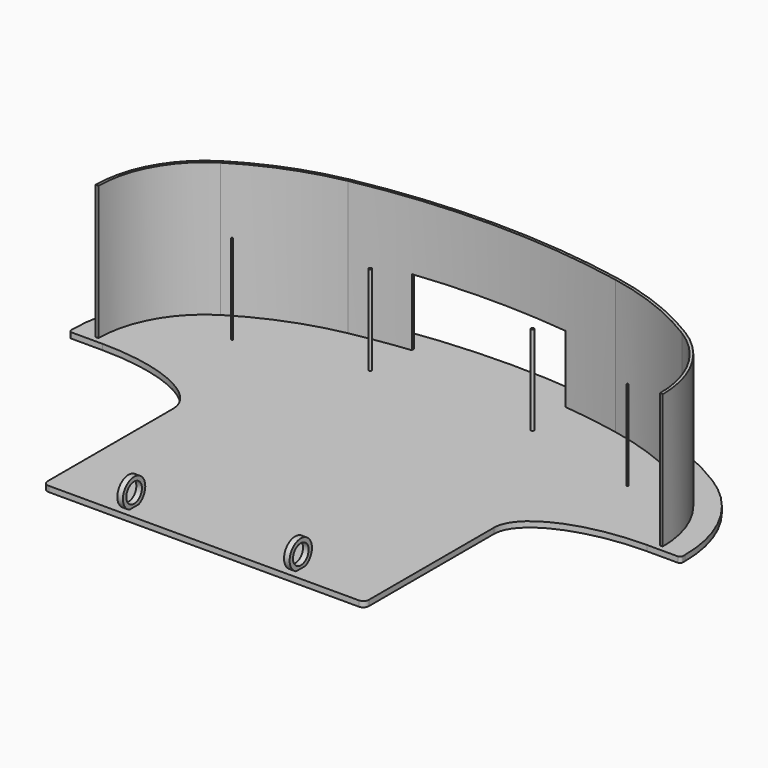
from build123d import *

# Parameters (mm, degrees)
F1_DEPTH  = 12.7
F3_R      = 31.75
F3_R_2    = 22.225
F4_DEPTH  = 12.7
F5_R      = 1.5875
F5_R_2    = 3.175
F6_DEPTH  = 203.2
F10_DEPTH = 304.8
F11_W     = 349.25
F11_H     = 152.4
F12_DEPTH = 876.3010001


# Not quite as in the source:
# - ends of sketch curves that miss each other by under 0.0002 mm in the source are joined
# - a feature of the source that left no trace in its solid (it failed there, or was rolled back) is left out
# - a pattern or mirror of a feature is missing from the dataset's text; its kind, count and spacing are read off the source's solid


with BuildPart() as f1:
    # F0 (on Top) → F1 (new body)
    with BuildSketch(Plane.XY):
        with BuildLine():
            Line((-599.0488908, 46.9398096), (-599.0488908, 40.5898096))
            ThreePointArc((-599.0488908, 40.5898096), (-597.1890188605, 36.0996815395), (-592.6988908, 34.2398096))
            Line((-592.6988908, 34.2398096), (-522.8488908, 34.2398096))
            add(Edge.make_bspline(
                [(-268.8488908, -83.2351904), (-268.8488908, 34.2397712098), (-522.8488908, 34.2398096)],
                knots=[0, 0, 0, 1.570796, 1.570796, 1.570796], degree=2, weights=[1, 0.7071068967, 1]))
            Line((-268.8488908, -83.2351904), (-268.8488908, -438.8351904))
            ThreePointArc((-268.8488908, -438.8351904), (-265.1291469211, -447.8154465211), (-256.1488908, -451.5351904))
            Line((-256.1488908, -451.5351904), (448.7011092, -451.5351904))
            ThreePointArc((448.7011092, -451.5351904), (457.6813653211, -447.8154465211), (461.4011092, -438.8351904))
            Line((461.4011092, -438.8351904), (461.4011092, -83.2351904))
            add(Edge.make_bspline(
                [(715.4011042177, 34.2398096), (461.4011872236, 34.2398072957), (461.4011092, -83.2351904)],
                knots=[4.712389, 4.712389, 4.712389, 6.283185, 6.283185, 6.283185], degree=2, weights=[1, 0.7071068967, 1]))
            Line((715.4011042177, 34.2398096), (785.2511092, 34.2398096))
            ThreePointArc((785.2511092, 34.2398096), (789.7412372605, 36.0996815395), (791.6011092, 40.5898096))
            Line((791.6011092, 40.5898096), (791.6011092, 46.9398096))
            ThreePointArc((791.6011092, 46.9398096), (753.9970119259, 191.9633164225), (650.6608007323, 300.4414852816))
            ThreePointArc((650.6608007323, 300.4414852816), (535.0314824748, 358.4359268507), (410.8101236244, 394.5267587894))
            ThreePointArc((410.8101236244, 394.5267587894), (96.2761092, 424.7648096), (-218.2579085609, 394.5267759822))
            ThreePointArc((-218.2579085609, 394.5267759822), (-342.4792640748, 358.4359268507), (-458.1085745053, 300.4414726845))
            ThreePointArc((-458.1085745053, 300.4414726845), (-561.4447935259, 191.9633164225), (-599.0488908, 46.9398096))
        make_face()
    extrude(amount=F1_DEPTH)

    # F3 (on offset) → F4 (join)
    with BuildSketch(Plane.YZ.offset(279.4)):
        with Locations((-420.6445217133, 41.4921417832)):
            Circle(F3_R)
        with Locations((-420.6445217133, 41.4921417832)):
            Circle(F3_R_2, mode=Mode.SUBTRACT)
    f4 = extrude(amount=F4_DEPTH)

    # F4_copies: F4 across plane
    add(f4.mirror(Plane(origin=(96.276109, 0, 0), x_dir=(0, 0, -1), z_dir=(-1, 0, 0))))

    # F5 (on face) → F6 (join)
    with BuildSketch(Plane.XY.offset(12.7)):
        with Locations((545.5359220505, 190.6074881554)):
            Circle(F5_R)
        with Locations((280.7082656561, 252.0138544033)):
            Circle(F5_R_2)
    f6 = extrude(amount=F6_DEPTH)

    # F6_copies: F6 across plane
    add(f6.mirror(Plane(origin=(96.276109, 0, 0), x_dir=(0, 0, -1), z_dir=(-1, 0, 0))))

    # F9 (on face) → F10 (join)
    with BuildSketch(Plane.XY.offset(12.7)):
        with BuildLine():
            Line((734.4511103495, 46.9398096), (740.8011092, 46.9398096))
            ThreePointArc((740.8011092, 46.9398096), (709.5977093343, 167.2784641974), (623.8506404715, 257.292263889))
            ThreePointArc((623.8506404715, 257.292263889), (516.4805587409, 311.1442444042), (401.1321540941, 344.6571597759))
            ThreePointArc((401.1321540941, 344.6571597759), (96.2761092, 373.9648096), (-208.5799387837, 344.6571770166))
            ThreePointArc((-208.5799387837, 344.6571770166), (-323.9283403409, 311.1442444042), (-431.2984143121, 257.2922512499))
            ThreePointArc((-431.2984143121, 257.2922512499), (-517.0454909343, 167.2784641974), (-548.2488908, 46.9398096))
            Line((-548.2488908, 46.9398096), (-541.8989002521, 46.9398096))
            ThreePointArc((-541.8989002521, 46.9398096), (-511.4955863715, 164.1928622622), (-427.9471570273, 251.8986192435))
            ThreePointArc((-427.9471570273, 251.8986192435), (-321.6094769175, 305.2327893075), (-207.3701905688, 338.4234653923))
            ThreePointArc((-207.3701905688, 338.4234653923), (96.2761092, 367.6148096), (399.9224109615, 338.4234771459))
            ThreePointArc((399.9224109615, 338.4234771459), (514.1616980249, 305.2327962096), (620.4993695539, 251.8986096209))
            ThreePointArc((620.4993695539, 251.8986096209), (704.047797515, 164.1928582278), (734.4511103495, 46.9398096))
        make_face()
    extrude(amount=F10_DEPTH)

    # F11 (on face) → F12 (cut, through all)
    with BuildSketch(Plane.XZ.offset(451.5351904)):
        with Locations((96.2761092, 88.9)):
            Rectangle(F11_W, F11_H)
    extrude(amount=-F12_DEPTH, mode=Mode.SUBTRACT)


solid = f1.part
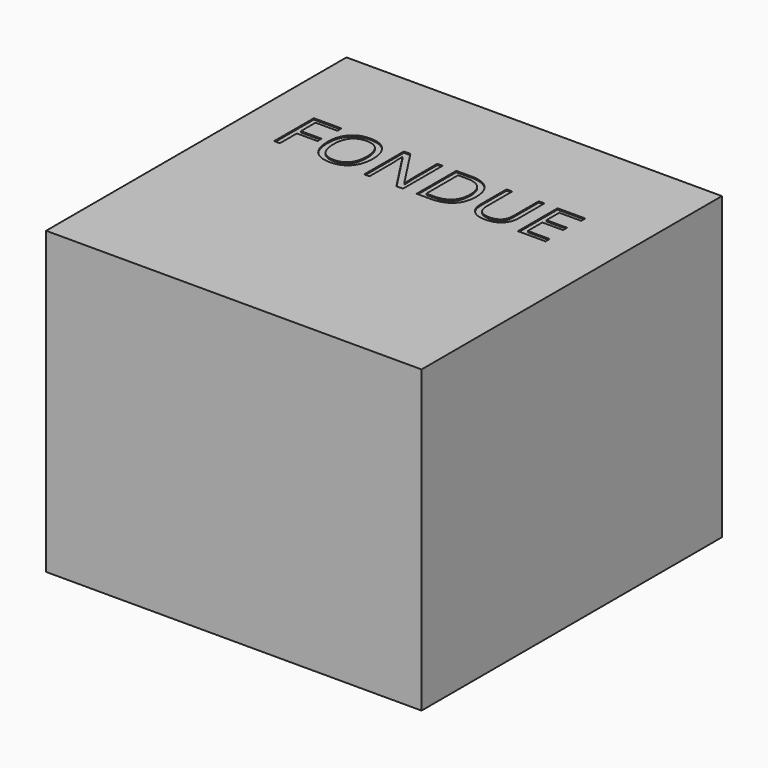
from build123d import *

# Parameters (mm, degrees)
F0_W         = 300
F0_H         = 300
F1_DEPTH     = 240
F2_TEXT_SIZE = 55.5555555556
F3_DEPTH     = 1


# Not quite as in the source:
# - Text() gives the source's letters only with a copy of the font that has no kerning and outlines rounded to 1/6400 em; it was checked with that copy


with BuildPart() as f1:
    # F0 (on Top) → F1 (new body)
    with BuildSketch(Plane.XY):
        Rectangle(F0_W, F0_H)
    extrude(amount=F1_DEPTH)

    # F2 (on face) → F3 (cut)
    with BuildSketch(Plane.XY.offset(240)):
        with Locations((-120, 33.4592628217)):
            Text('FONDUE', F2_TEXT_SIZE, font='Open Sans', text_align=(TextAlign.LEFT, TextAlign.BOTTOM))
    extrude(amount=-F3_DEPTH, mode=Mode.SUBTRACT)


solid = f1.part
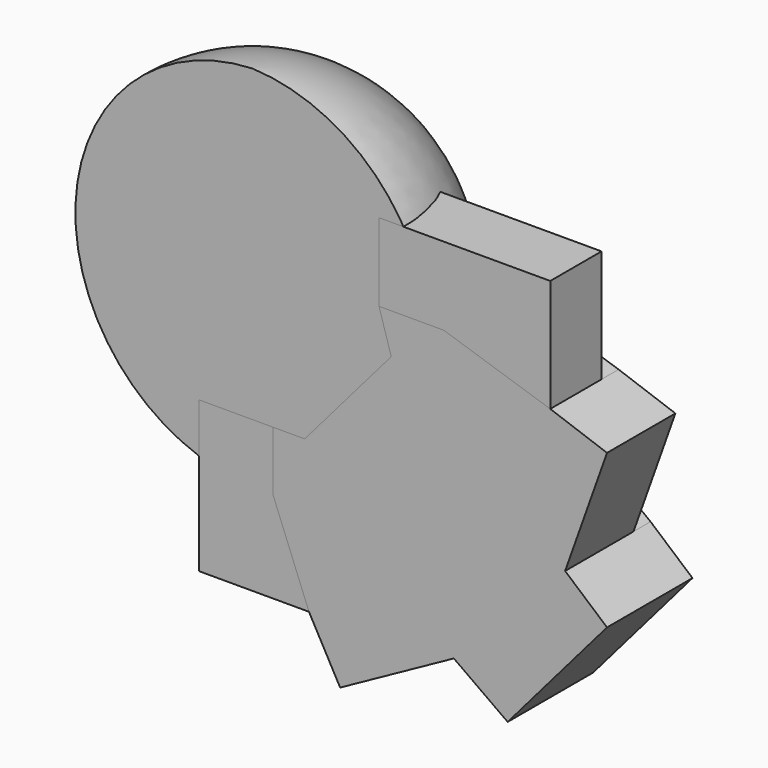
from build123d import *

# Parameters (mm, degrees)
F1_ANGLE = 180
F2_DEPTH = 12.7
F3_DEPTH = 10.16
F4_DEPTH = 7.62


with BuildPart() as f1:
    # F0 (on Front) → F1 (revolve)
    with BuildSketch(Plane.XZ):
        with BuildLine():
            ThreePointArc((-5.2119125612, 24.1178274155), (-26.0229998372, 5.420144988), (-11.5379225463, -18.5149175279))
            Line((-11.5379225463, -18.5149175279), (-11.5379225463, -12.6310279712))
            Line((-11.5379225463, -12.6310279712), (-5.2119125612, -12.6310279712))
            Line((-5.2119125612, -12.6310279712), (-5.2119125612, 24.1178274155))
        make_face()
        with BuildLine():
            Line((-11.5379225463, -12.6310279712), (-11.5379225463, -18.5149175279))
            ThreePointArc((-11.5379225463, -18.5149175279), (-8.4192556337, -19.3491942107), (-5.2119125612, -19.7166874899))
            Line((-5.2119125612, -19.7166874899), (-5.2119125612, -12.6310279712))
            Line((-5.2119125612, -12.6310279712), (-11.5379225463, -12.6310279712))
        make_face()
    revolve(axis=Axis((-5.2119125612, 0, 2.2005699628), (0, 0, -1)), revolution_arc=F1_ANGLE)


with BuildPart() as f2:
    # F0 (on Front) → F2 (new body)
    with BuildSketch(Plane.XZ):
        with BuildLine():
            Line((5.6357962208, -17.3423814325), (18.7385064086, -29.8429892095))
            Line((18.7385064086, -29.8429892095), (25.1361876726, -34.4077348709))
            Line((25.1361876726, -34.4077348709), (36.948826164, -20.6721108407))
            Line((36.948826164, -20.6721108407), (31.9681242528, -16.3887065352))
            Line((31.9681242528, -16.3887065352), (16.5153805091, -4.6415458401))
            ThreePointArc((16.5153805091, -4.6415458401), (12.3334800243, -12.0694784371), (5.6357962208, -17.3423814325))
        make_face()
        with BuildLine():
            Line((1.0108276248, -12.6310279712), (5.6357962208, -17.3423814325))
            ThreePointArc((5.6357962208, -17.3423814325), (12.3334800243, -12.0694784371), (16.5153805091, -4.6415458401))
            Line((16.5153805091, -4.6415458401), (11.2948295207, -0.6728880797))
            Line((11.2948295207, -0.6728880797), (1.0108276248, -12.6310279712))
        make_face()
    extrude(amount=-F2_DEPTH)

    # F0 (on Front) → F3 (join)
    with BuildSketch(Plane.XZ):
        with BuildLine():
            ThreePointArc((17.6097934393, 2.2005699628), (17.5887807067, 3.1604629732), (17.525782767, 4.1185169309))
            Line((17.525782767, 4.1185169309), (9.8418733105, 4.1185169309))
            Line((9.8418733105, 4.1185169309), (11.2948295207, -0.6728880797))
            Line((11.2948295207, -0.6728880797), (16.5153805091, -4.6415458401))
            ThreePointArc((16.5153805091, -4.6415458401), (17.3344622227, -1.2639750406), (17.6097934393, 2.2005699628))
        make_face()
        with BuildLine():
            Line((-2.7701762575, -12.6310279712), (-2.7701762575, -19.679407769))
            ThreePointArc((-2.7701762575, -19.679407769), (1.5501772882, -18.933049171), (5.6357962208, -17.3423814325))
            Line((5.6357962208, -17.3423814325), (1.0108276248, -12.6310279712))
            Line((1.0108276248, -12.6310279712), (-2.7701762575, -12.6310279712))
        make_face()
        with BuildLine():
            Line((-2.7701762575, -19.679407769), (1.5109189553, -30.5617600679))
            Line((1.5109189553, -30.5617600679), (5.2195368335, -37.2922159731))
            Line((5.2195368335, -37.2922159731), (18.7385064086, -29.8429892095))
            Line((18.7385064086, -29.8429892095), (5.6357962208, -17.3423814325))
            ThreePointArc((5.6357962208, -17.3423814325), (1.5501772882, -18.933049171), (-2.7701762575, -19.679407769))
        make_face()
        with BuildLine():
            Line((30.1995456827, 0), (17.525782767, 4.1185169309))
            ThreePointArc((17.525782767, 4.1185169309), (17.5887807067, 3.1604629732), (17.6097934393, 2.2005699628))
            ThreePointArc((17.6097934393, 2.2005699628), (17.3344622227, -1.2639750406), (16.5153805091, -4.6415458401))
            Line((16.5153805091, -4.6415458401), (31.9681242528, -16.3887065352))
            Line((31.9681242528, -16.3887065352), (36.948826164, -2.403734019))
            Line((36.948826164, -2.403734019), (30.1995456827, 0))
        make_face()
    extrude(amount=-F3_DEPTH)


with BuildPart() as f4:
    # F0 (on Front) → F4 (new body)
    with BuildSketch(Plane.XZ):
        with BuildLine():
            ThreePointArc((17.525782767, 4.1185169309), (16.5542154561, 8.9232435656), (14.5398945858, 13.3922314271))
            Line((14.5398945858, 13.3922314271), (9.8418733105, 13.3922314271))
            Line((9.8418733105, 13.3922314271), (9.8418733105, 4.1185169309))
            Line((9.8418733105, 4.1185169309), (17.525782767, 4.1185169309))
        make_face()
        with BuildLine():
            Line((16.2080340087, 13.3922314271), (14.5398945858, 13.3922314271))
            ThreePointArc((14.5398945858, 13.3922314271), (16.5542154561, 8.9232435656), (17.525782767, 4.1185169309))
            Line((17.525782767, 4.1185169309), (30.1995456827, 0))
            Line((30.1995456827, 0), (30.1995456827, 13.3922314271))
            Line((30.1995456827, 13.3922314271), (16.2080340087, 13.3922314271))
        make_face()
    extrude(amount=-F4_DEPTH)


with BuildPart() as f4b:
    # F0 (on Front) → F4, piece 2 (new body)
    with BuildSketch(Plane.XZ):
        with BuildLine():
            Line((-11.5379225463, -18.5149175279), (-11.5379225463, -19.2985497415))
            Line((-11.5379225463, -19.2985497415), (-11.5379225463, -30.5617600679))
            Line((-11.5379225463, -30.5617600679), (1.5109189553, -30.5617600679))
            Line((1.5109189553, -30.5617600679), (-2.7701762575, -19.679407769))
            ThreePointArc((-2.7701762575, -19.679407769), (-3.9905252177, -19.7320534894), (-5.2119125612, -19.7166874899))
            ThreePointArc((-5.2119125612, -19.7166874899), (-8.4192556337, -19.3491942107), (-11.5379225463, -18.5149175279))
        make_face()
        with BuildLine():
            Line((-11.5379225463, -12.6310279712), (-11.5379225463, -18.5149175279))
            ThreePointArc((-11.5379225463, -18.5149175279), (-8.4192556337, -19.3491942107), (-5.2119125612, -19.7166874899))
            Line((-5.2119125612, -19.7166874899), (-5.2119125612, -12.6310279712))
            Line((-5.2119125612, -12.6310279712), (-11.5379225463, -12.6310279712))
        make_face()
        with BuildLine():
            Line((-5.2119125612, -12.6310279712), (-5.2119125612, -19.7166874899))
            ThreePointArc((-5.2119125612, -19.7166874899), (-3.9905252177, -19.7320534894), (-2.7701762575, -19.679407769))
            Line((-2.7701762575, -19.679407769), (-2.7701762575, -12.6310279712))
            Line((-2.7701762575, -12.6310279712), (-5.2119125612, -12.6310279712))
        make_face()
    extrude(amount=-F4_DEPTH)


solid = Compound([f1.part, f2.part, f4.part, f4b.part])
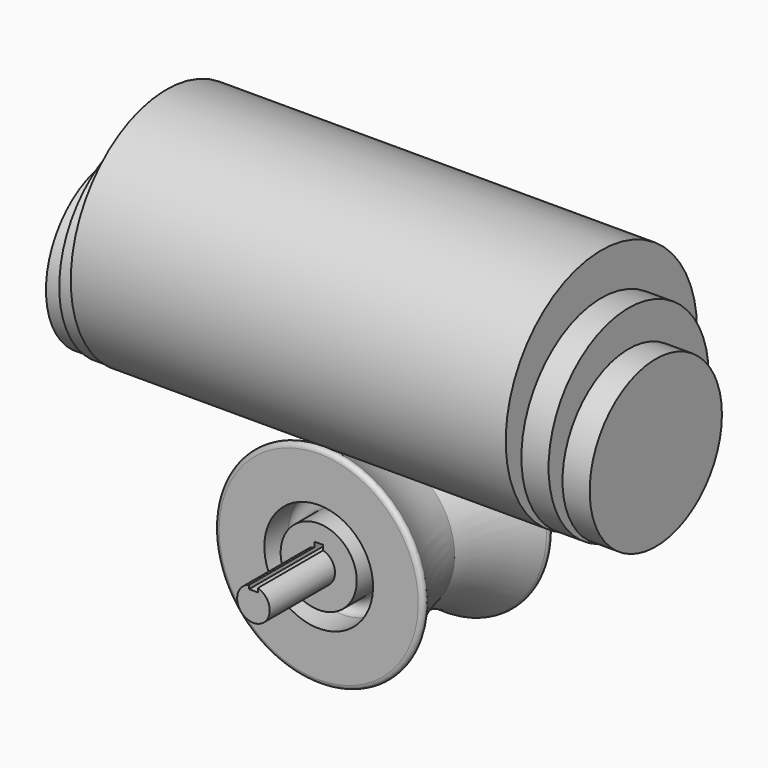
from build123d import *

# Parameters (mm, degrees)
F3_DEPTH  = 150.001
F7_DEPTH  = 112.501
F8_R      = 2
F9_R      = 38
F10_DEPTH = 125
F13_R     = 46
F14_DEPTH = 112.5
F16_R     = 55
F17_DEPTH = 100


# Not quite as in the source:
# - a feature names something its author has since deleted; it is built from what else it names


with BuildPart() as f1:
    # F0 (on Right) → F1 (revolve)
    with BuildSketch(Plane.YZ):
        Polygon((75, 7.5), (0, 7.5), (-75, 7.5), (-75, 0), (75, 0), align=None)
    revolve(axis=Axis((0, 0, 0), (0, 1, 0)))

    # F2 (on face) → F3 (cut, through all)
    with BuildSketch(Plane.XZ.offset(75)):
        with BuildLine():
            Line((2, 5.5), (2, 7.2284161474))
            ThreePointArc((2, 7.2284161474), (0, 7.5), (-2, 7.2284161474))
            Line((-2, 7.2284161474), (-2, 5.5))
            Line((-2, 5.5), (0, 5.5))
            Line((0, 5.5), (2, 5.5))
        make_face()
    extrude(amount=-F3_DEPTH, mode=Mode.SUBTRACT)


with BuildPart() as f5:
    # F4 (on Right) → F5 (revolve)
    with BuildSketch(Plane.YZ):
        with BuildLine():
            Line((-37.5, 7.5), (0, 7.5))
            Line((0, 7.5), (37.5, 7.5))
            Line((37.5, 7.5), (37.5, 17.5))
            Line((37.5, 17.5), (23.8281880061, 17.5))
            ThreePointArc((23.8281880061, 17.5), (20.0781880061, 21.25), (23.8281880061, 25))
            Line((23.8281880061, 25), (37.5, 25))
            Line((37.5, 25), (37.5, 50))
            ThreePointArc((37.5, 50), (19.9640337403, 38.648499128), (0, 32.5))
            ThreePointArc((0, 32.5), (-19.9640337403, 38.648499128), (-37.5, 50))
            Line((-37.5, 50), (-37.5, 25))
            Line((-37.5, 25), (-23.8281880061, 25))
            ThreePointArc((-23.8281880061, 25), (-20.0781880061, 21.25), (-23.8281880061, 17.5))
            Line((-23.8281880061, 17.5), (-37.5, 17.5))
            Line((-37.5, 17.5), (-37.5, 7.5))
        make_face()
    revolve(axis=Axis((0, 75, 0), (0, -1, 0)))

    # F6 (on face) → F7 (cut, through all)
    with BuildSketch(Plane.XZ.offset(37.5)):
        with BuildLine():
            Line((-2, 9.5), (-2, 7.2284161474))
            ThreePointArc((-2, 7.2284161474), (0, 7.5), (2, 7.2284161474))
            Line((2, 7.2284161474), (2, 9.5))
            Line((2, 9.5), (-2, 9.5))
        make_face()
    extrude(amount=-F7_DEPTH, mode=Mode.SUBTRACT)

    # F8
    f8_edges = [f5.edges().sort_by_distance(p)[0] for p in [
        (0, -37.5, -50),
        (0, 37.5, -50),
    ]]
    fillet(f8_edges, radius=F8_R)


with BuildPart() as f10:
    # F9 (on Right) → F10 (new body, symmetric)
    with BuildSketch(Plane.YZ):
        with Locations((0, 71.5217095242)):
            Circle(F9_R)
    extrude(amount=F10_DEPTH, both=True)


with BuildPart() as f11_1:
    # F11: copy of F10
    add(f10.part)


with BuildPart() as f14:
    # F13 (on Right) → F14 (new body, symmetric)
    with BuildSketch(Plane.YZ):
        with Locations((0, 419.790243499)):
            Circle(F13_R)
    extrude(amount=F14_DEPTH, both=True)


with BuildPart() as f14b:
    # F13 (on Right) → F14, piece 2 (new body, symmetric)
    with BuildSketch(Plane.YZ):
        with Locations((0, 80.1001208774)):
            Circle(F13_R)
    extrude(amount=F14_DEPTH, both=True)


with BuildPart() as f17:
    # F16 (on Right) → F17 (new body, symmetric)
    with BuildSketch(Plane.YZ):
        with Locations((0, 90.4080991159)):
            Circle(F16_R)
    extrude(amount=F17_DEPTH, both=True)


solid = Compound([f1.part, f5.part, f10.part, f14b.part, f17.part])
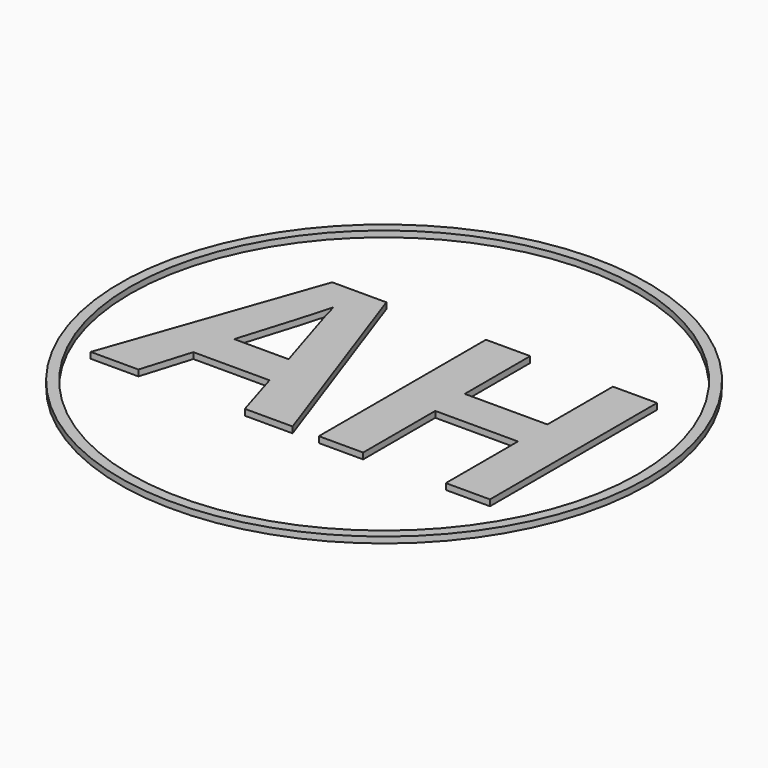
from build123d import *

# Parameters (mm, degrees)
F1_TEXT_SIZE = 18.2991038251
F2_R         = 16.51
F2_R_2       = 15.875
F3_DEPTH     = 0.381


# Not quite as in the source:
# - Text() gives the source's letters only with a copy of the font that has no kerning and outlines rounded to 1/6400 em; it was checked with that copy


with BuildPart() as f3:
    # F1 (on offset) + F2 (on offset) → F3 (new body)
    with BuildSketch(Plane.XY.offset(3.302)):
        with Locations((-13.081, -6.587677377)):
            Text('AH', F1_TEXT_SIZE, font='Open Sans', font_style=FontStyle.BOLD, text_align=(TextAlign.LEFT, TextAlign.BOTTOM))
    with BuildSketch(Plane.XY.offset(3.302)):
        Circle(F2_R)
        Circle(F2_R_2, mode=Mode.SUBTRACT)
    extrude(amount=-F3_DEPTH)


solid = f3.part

## [Brief]
Could you return exactly the lines above from the line with "# - ends of" to the line with "1.570796], degree=2, weights=[1, 0.7071068967, 1]))", both included, and nothing else?

## [Answer box]
# - ends of sketch curves that miss each other by under 0.0002 mm in the source are joined
# - a feature of the source that left no trace in its solid (it failed there, or was rolled back) is left out
# - a pattern or mirror of a feature is missing from the dataset's text; its kind, count and spacing are read off the source's solid


with BuildPart() as f1:
    # F0 (on Top) → F1 (new body)
    with BuildSketch(Plane.XY):
        with BuildLine():
            Line((-599.0488908, 46.9398096), (-599.0488908, 40.5898096))
            ThreePointArc((-599.0488908, 40.5898096), (-597.1890188605, 36.0996815395), (-592.6988908, 34.2398096))
            Line((-592.6988908, 34.2398096), (-522.8488908, 34.2398096))
            add(Edge.make_bspline(
                [(-268.8488908, -83.2351904), (-268.8488908, 34.2397712098), (-522.8488908, 34.2398096)],
                knots=[0, 0, 0, 1.570796, 1.570796, 1.570796], degree=2, weights=[1, 0.7071068967, 1]))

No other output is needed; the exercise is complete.